Beginning at the top of the data below, restate every line word for word until the line containing "line L48 (6.985, -2.833) -> (6.985, 2.833)" has been included, and omit the pictures.

....

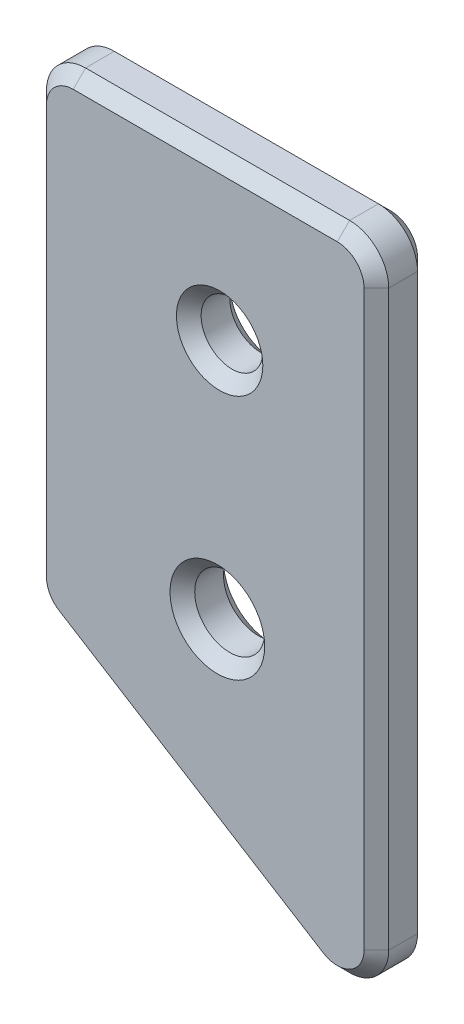
SolidWorks part; units mm, degrees
ref_plane "Front Plane" through (0, 0, 0) normal (0, 0, 1) x (1, 0, 0)
ref_plane "Top Plane" through (0, 0, 0) normal (0, 1, 0) x (1, 0, 0)
ref_plane "Right Plane" through (0, 0, 0) normal (1, 0, 0) x (0, 0, -1)
sketch "Sketch1" plane through (0, 0, 0) normal (0, 0, 1) x (1, 0, 0)
  line L3 (435.95, -297.537) -> (-11.4581, -19.05) construction
  line L9 (53.3811, -59.4088) -> (-11.4581, -19.05)
  line L11 (19.05, 19.05) -> (-13.7235, 19.05)
  line L12 (-19.05, -5.7912) -> (-19.05, 5.7912)
  line L13 (60.6412, -19.05) -> (60.6412, 14.3)
  line L14 (60.6412, -19.05) -> (60.6412, -55.3762)
  line L24 (19.05, 19.05) -> (19.05, 17.3228)
  line L25 (19.05, 17.3228) -> (704.05, 17.3228)
  line L26 (704.05, 17.3228) -> (704.05, 19.05)
  line L27 (704.05, 19.05) -> (19.05, 19.05)
  line L31 (55.8912, 19.05) -> (19.05, 19.05)
  line L44 (19.05, -6.9643) -> (19.05, -5.7912)
  line L45 (17.3228, -4.064) -> (16.7132, -4.064)
  line L46 (14.986, -5.7912) -> (14.986, -8.9963)
  line L47 (12.7826, -9.909) -> (7.8889, -5.0152)
  line L48 (6.985, -2.833) -> (6.985, 2.833)
  line L49 (7.8889, 5.0152) -> (12.7826, 9.909)
  line L50 (14.986, 8.9963) -> (14.986, 5.7912)
  line L51 (16.7132, 4.064) -> (17.3228, 4.064)
  line L52 (19.05, 5.7912) -> (19.05, 6.9643)
  line L53 (19.05, 8.9963) -> (19.05, 13.7235)
  line L54 (13.7235, 19.05) -> (8.9963, 19.05)
  line L55 (6.9643, 19.05) -> (5.7912, 19.05)
  line L56 (4.064, 17.3228) -> (4.064, 16.7132)
  line L57 (5.7912, 14.986) -> (8.9963, 14.986)
  line L58 (9.909, 12.7826) -> (5.0152, 7.8889)
  line L59 (2.833, 6.985) -> (-2.833, 6.985)
  line L60 (-5.0152, 7.8889) -> (-9.909, 12.7826)
  line L61 (-8.9963, 14.986) -> (-5.7912, 14.986)
  line L62 (-4.064, 16.7132) -> (-4.064, 17.3228)
  line L63 (-5.7912, 19.05) -> (-6.9643, 19.05)
  line L64 (-8.9963, 19.05) -> (-13.7235, 19.05)
  line L65 (-19.05, 13.7235) -> (-19.05, 8.9963)
  line L66 (-19.05, 6.9643) -> (-19.05, 5.7912)
  line L67 (-17.3228, 4.064) -> (-16.7132, 4.064)
  line L68 (-14.986, 5.7912) -> (-14.986, 8.9963)
  line L69 (-12.7826, 9.909) -> (-7.8889, 5.0152)
  line L70 (-6.985, 2.833) -> (-6.985, -2.833)
  line L71 (-7.8889, -5.0152) -> (-12.7826, -9.909)
  line L72 (-14.986, -8.9963) -> (-14.986, -5.7912)
  line L73 (-16.7132, -4.064) -> (-17.3228, -4.064)
  line L74 (-19.05, -5.7912) -> (-19.05, -6.9643)
  line L75 (-19.05, -8.9963) -> (-19.05, -13.7235)
  line L76 (-13.7235, -19.05) -> (-8.9963, -19.05)
  line L77 (-6.9643, -19.05) -> (-5.7912, -19.05)
  line L78 (-4.064, -17.3228) -> (-4.064, -16.7132)
  line L79 (-5.7912, -14.986) -> (-8.9963, -14.986)
  line L80 (-9.909, -12.7826) -> (-5.0152, -7.8889)
  line L81 (-2.833, -6.985) -> (2.833, -6.985)
  line L82 (5.0152, -7.8889) -> (9.909, -12.7826)
  line L83 (8.9963, -14.986) -> (5.7912, -14.986)
  line L84 (4.064, -16.7132) -> (4.064, -17.3228)
  line L85 (5.7912, -19.05) -> (6.9643, -19.05)
  line L86 (8.9963, -19.05) -> (13.7235, -19.05)
  line L87 (19.05, -13.7235) -> (19.05, -8.9963)
  line L108 (-8.9963, 19.05) -> (-13.7235, 19.05)
  line L109 (-19.05, 13.7235) -> (-19.05, 8.9963)
  line L110 (-19.05, 6.9643) -> (-19.05, 5.7912)
  line L118 (-19.05, -5.7912) -> (-19.05, -6.9643)
  line L119 (-19.05, -8.9963) -> (-19.05, -13.7235)
  line L120 (-13.7235, -19.05) -> (-11.4581, -19.05)
  circle A3 centre (41.315, -29.4594) radius 4.25
  circle A4 centre (41.5912, 0) radius 3.75
  arc A5 (55.8912, 19.05) -> (60.6412, 14.3) centre (55.8912, 14.3) cw
  arc A6 (60.6412, -55.3762) -> (53.3811, -59.4088) centre (55.8912, -55.3762) cw
  circle A7 centre (0, 0) radius 4.5
  arc A52 (19.05, -6.9643) -> (19.05, -8.9963) centre (19.05, -7.9803) ccw
  arc A53 (19.05, -5.7912) -> (17.3228, -4.064) centre (17.3228, -5.7912) ccw
  arc A54 (16.7132, -4.064) -> (14.986, -5.7912) centre (16.7132, -5.7912) ccw
  arc A55 (12.7826, -9.909) -> (14.986, -8.9963) centre (13.6953, -8.9963) ccw
  arc A56 (6.985, -2.833) -> (7.8889, -5.0152) centre (10.0711, -2.833) ccw
  arc A57 (7.8889, 5.0152) -> (6.985, 2.833) centre (10.0711, 2.833) ccw
  arc A58 (14.986, 8.9963) -> (12.7826, 9.909) centre (13.6953, 8.9963) ccw
  arc A59 (14.986, 5.7912) -> (16.7132, 4.064) centre (16.7132, 5.7912) ccw
  arc A60 (17.3228, 4.064) -> (19.05, 5.7912) centre (17.3228, 5.7912) ccw
  arc A61 (19.05, 8.9963) -> (19.05, 6.9643) centre (19.05, 7.9803) ccw
  arc A62 (18.8293, 15.7312) -> (19.05, 13.7235) centre (19.05, 14.7395) ccw
  arc A63 (18.8293, 15.7312) -> (15.7312, 18.8293) centre (14.3002, 14.3002) ccw
  arc A64 (13.7235, 19.05) -> (15.7312, 18.8293) centre (14.7395, 19.05) ccw
  arc A65 (6.9643, 19.05) -> (8.9963, 19.05) centre (7.9803, 19.05) ccw
  arc A66 (5.7912, 19.05) -> (4.064, 17.3228) centre (5.7912, 17.3228) ccw
  arc A67 (4.064, 16.7132) -> (5.7912, 14.986) centre (5.7912, 16.7132) ccw
  arc A68 (9.909, 12.7826) -> (8.9963, 14.986) centre (8.9963, 13.6953) ccw
  arc A69 (2.833, 6.985) -> (5.0152, 7.8889) centre (2.833, 10.0711) ccw
  arc A70 (-5.0152, 7.8889) -> (-2.833, 6.985) centre (-2.833, 10.0711) ccw
  arc A71 (-8.9963, 14.986) -> (-9.909, 12.7826) centre (-8.9963, 13.6953) ccw
  arc A72 (-5.7912, 14.986) -> (-4.064, 16.7132) centre (-5.7912, 16.7132) ccw
  arc A73 (-4.064, 17.3228) -> (-5.7912, 19.05) centre (-5.7912, 17.3228) ccw
  arc A74 (-8.9963, 19.05) -> (-6.9643, 19.05) centre (-7.9803, 19.05) ccw
  arc A75 (-15.7312, 18.8293) -> (-13.7235, 19.05) centre (-14.7395, 19.05) ccw
  arc A76 (-15.7312, 18.8293) -> (-18.8293, 15.7312) centre (-14.3002, 14.3002) ccw
  arc A77 (-19.05, 13.7235) -> (-18.8293, 15.7312) centre (-19.05, 14.7395) ccw
  arc A78 (-19.05, 6.9643) -> (-19.05, 8.9963) centre (-19.05, 7.9803) ccw
  arc A79 (-19.05, 5.7912) -> (-17.3228, 4.064) centre (-17.3228, 5.7912) ccw
  arc A80 (-16.7132, 4.064) -> (-14.986, 5.7912) centre (-16.7132, 5.7912) ccw
  arc A81 (-12.7826, 9.909) -> (-14.986, 8.9963) centre (-13.6953, 8.9963) ccw
  arc A82 (-6.985, 2.833) -> (-7.8889, 5.0152) centre (-10.0711, 2.833) ccw
  arc A83 (-7.8889, -5.0152) -> (-6.985, -2.833) centre (-10.0711, -2.833) ccw
  arc A84 (-14.986, -8.9963) -> (-12.7826, -9.909) centre (-13.6953, -8.9963) ccw
  arc A85 (-14.986, -5.7912) -> (-16.7132, -4.064) centre (-16.7132, -5.7912) ccw
  arc A86 (-17.3228, -4.064) -> (-19.05, -5.7912) centre (-17.3228, -5.7912) ccw
  arc A87 (-19.05, -8.9963) -> (-19.05, -6.9643) centre (-19.05, -7.9803) ccw
  arc A88 (-18.8293, -15.7312) -> (-19.05, -13.7235) centre (-19.05, -14.7395) ccw
  arc A89 (-18.8293, -15.7312) -> (-15.7312, -18.8293) centre (-14.3002, -14.3002) ccw
  arc A90 (-13.7235, -19.05) -> (-15.7312, -18.8293) centre (-14.7395, -19.05) ccw
  arc A91 (-6.9643, -19.05) -> (-8.9963, -19.05) centre (-7.9803, -19.05) ccw
  arc A92 (-5.7912, -19.05) -> (-4.064, -17.3228) centre (-5.7912, -17.3228) ccw
  arc A93 (-4.064, -16.7132) -> (-5.7912, -14.986) centre (-5.7912, -16.7132) ccw
  arc A94 (-9.909, -12.7826) -> (-8.9963, -14.986) centre (-8.9963, -13.6953) ccw
  arc A95 (-2.833, -6.985) -> (-5.0152, -7.8889) centre (-2.833, -10.0711) ccw
  arc A96 (5.0152, -7.8889) -> (2.833, -6.985) centre (2.833, -10.0711) ccw
  arc A97 (8.9963, -14.986) -> (9.909, -12.7826) centre (8.9963, -13.6953) ccw
  arc A98 (5.7912, -14.986) -> (4.064, -16.7132) centre (5.7912, -16.7132) ccw
  arc A99 (4.064, -17.3228) -> (5.7912, -19.05) centre (5.7912, -17.3228) ccw
  arc A100 (8.9963, -19.05) -> (6.9643, -19.05) centre (7.9803, -19.05) ccw
  arc A101 (15.7312, -18.8293) -> (13.7235, -19.05) centre (14.7395, -19.05) ccw
  arc A102 (15.7312, -18.8293) -> (18.8293, -15.7312) centre (14.3002, -14.3002) ccw
  arc A103 (19.05, -13.7235) -> (18.8293, -15.7312) centre (19.05, -14.7395) ccw
  arc A127 (-15.7312, 18.8293) -> (-13.7235, 19.05) centre (-14.7395, 19.05) ccw
  arc A128 (-15.7312, 18.8293) -> (-18.8293, 15.7312) centre (-14.3002, 14.3002) ccw
  arc A129 (-19.05, 13.7235) -> (-18.8293, 15.7312) centre (-19.05, 14.7395) ccw
  arc A130 (-19.05, 6.9643) -> (-19.05, 8.9963) centre (-19.05, 7.9803) ccw
  arc A139 (-19.05, -8.9963) -> (-19.05, -6.9643) centre (-19.05, -7.9803) ccw
  arc A140 (-18.8293, -15.7312) -> (-19.05, -13.7235) centre (-19.05, -14.7395) ccw
  arc A141 (-18.8293, -15.7312) -> (-15.7312, -18.8293) centre (-14.3002, -14.3002) ccw
  arc A142 (-13.7235, -19.05) -> (-15.7312, -18.8293) centre (-14.7395, -19.05) ccw
  dimension "D4" = 4.75
  dimension "D1" = 0
  dimension "D3" = 0
extrude "Boss-Extrude1" add sketch "Sketch1" along normal blind 6.5
sketch "Sketch2" plane through (0, 0, 0) normal (0, 0, -1) x (-1, 0, 0)
  line L44 (-19.05, -5.7912) -> (-19.05, -6.9643)
  line L45 (-16.7132, -4.064) -> (-17.3228, -4.064)
  line L46 (-14.986, -8.9963) -> (-14.986, -5.7912)
  line L47 (-7.8889, -5.0152) -> (-12.7826, -9.909)
  line L48 (-6.985, 2.833) -> (-6.985, -2.833)
  line L49 (-12.7826, 9.909) -> (-7.8889, 5.0152)
  line L50 (-14.986, 5.7912) -> (-14.986, 8.9963)
  line L51 (-17.3228, 4.064) -> (-16.7132, 4.064)
  line L52 (-19.05, 6.9643) -> (-19.05, 5.7912)
  line L53 (-19.05, 13.7235) -> (-19.05, 8.9963)
  line L54 (-8.9963, 19.05) -> (-13.7235, 19.05)
  line L55 (-5.7912, 19.05) -> (-6.9643, 19.05)
  line L56 (-4.064, 16.7132) -> (-4.064, 17.3228)
  line L57 (-8.9963, 14.986) -> (-5.7912, 14.986)
  line L58 (-5.0152, 7.8889) -> (-9.909, 12.7826)
  line L59 (2.833, 6.985) -> (-2.833, 6.985)
  line L60 (9.909, 12.7826) -> (5.0152, 7.8889)
  line L61 (5.7912, 14.986) -> (8.9963, 14.986)
  line L62 (4.064, 17.3228) -> (4.064, 16.7132)
  line L63 (6.9643, 19.05) -> (5.7912, 19.05)
  line L64 (13.7235, 19.05) -> (8.9963, 19.05)
  line L65 (19.05, 8.9963) -> (19.05, 13.7235)
  line L66 (19.05, 5.7912) -> (19.05, 6.9643)
  line L67 (16.7132, 4.064) -> (17.3228, 4.064)
  line L68 (14.986, 8.9963) -> (14.986, 5.7912)
  line L69 (7.8889, 5.0152) -> (12.7826, 9.909)
  line L70 (6.985, -2.833) -> (6.985, 2.833)
  line L71 (12.7826, -9.909) -> (7.8889, -5.0152)
  line L72 (14.986, -5.7912) -> (14.986, -8.9963)
  line L73 (17.3228, -4.064) -> (16.7132, -4.064)
  line L74 (19.05, -6.9643) -> (19.05, -5.7912)
  line L75 (19.05, -13.7235) -> (19.05, -8.9963)
  line L76 (8.9963, -19.05) -> (13.7235, -19.05)
  line L77 (5.7912, -19.05) -> (6.9643, -19.05)
  line L78 (4.064, -16.7132) -> (4.064, -17.3228)
  line L79 (8.9963, -14.986) -> (5.7912, -14.986)
  line L80 (5.0152, -7.8889) -> (9.909, -12.7826)
  line L81 (-2.833, -6.985) -> (2.833, -6.985)
  line L82 (-9.909, -12.7826) -> (-5.0152, -7.8889)
  line L83 (-5.7912, -14.986) -> (-8.9963, -14.986)
  line L84 (-4.064, -17.3228) -> (-4.064, -16.7132)
  line L85 (-6.9643, -19.05) -> (-5.7912, -19.05)
  line L86 (-13.7235, -19.05) -> (-8.9963, -19.05)
  line L87 (-19.05, -8.9963) -> (-19.05, -13.7235)
  line L88 (-19.05, -5.7912) -> (-19.05, -6.9643)
  line L89 (-16.7132, -4.064) -> (-17.3228, -4.064)
  line L90 (-14.986, -8.9963) -> (-14.986, -5.7912)
  line L91 (-7.8889, -5.0152) -> (-12.7826, -9.909)
  line L92 (-6.985, 2.833) -> (-6.985, -2.833)
  line L93 (-12.7826, 9.909) -> (-7.8889, 5.0152)
  line L94 (-14.986, 5.7912) -> (-14.986, 8.9963)
  line L95 (-17.3228, 4.064) -> (-16.7132, 4.064)
  line L96 (-19.05, 6.9643) -> (-19.05, 5.7912)
  line L97 (-19.05, 13.7235) -> (-19.05, 8.9963)
  line L98 (-8.9963, 19.05) -> (-13.7235, 19.05)
  line L99 (-5.7912, 19.05) -> (-6.9643, 19.05)
  line L100 (-4.064, 16.7132) -> (-4.064, 17.3228)
  line L101 (-8.9963, 14.986) -> (-5.7912, 14.986)
  line L102 (-5.0152, 7.8889) -> (-9.909, 12.7826)
  line L103 (2.833, 6.985) -> (-2.833, 6.985)
  line L104 (9.909, 12.7826) -> (5.0152, 7.8889)
  line L105 (5.7912, 14.986) -> (8.9963, 14.986)
  line L106 (4.064, 17.3228) -> (4.064, 16.7132)
  line L107 (6.9643, 19.05) -> (5.7912, 19.05)
  line L108 (13.7235, 19.05) -> (8.9963, 19.05)
  line L109 (19.05, 8.9963) -> (19.05, 13.7235)
  line L110 (19.05, 5.7912) -> (19.05, 6.9643)
  line L111 (16.7132, 4.064) -> (17.3228, 4.064)
  line L112 (14.986, 8.9963) -> (14.986, 5.7912)
  line L113 (7.8889, 5.0152) -> (12.7826, 9.909)
  line L114 (6.985, -2.833) -> (6.985, 2.833)
  line L115 (12.7826, -9.909) -> (7.8889, -5.0152)
  line L116 (14.986, -5.7912) -> (14.986, -8.9963)
  line L117 (17.3228, -4.064) -> (16.7132, -4.064)
  line L118 (19.05, -6.9643) -> (19.05, -5.7912)
  line L119 (19.05, -13.7235) -> (19.05, -8.9963)
  line L120 (8.9963, -19.05) -> (13.7235, -19.05)
  line L121 (5.7912, -19.05) -> (6.9643, -19.05)
  line L122 (4.064, -16.7132) -> (4.064, -17.3228)
  line L123 (8.9963, -14.986) -> (5.7912, -14.986)
  line L124 (5.0152, -7.8889) -> (9.909, -12.7826)
  line L125 (-2.833, -6.985) -> (2.833, -6.985)
  line L126 (-9.909, -12.7826) -> (-5.0152, -7.8889)
  line L127 (-5.7912, -14.986) -> (-8.9963, -14.986)
  line L128 (-4.064, -17.3228) -> (-4.064, -16.7132)
  line L129 (-6.9643, -19.05) -> (-5.7912, -19.05)
  line L130 (-13.7235, -19.05) -> (-8.9963, -19.05)
  line L131 (-19.05, -8.9963) -> (-19.05, -13.7235)
  arc A52 (-19.05, -8.9963) -> (-19.05, -6.9643) centre (-19.05, -7.9803) ccw
  arc A53 (-17.3228, -4.064) -> (-19.05, -5.7912) centre (-17.3228, -5.7912) ccw
  arc A54 (-14.986, -5.7912) -> (-16.7132, -4.064) centre (-16.7132, -5.7912) ccw
  arc A55 (-14.986, -8.9963) -> (-12.7826, -9.909) centre (-13.6953, -8.9963) ccw
  arc A56 (-7.8889, -5.0152) -> (-6.985, -2.833) centre (-10.0711, -2.833) ccw
  arc A57 (-6.985, 2.833) -> (-7.8889, 5.0152) centre (-10.0711, 2.833) ccw
  arc A58 (-12.7826, 9.909) -> (-14.986, 8.9963) centre (-13.6953, 8.9963) ccw
  arc A59 (-16.7132, 4.064) -> (-14.986, 5.7912) centre (-16.7132, 5.7912) ccw
  arc A60 (-19.05, 5.7912) -> (-17.3228, 4.064) centre (-17.3228, 5.7912) ccw
  arc A61 (-19.05, 6.9643) -> (-19.05, 8.9963) centre (-19.05, 7.9803) ccw
  arc A62 (-19.05, 13.7235) -> (-18.8293, 15.7312) centre (-19.05, 14.7395) ccw
  arc A63 (-15.7312, 18.8293) -> (-18.8293, 15.7312) centre (-14.3002, 14.3002) ccw
  arc A64 (-15.7312, 18.8293) -> (-13.7235, 19.05) centre (-14.7395, 19.05) ccw
  arc A65 (-8.9963, 19.05) -> (-6.9643, 19.05) centre (-7.9803, 19.05) ccw
  arc A66 (-4.064, 17.3228) -> (-5.7912, 19.05) centre (-5.7912, 17.3228) ccw
  arc A67 (-5.7912, 14.986) -> (-4.064, 16.7132) centre (-5.7912, 16.7132) ccw
  arc A68 (-8.9963, 14.986) -> (-9.909, 12.7826) centre (-8.9963, 13.6953) ccw
  arc A69 (-5.0152, 7.8889) -> (-2.833, 6.985) centre (-2.833, 10.0711) ccw
  arc A70 (2.833, 6.985) -> (5.0152, 7.8889) centre (2.833, 10.0711) ccw
  arc A71 (9.909, 12.7826) -> (8.9963, 14.986) centre (8.9963, 13.6953) ccw
  arc A72 (4.064, 16.7132) -> (5.7912, 14.986) centre (5.7912, 16.7132) ccw
  arc A73 (5.7912, 19.05) -> (4.064, 17.3228) centre (5.7912, 17.3228) ccw
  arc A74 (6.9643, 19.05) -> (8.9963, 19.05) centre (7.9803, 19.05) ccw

....

- **WORKED SOLUTION**:
SolidWorks part; units mm, degrees
ref_plane "Front Plane" through (0, 0, 0) normal (0, 0, 1) x (1, 0, 0)
ref_plane "Top Plane" through (0, 0, 0) normal (0, 1, 0) x (1, 0, 0)
ref_plane "Right Plane" through (0, 0, 0) normal (1, 0, 0) x (0, 0, -1)
sketch "Sketch1" plane through (0, 0, 0) normal (0, 0, 1) x (1, 0, 0)
  line L3 (435.95, -297.537) -> (-11.4581, -19.05) construction
  line L9 (53.3811, -59.4088) -> (-11.4581, -19.05)
  line L11 (19.05, 19.05) -> (-13.7235, 19.05)
  line L12 (-19.05, -5.7912) -> (-19.05, 5.7912)
  line L13 (60.6412, -19.05) -> (60.6412, 14.3)
  line L14 (60.6412, -19.05) -> (60.6412, -55.3762)
  line L24 (19.05, 19.05) -> (19.05, 17.3228)
  line L25 (19.05, 17.3228) -> (704.05, 17.3228)
  line L26 (704.05, 17.3228) -> (704.05, 19.05)
  line L27 (704.05, 19.05) -> (19.05, 19.05)
  line L31 (55.8912, 19.05) -> (19.05, 19.05)
  line L44 (19.05, -6.9643) -> (19.05, -5.7912)
  line L45 (17.3228, -4.064) -> (16.7132, -4.064)
  line L46 (14.986, -5.7912) -> (14.986, -8.9963)
  line L47 (12.7826, -9.909) -> (7.8889, -5.0152)
  line L48 (6.985, -2.833) -> (6.985, 2.833)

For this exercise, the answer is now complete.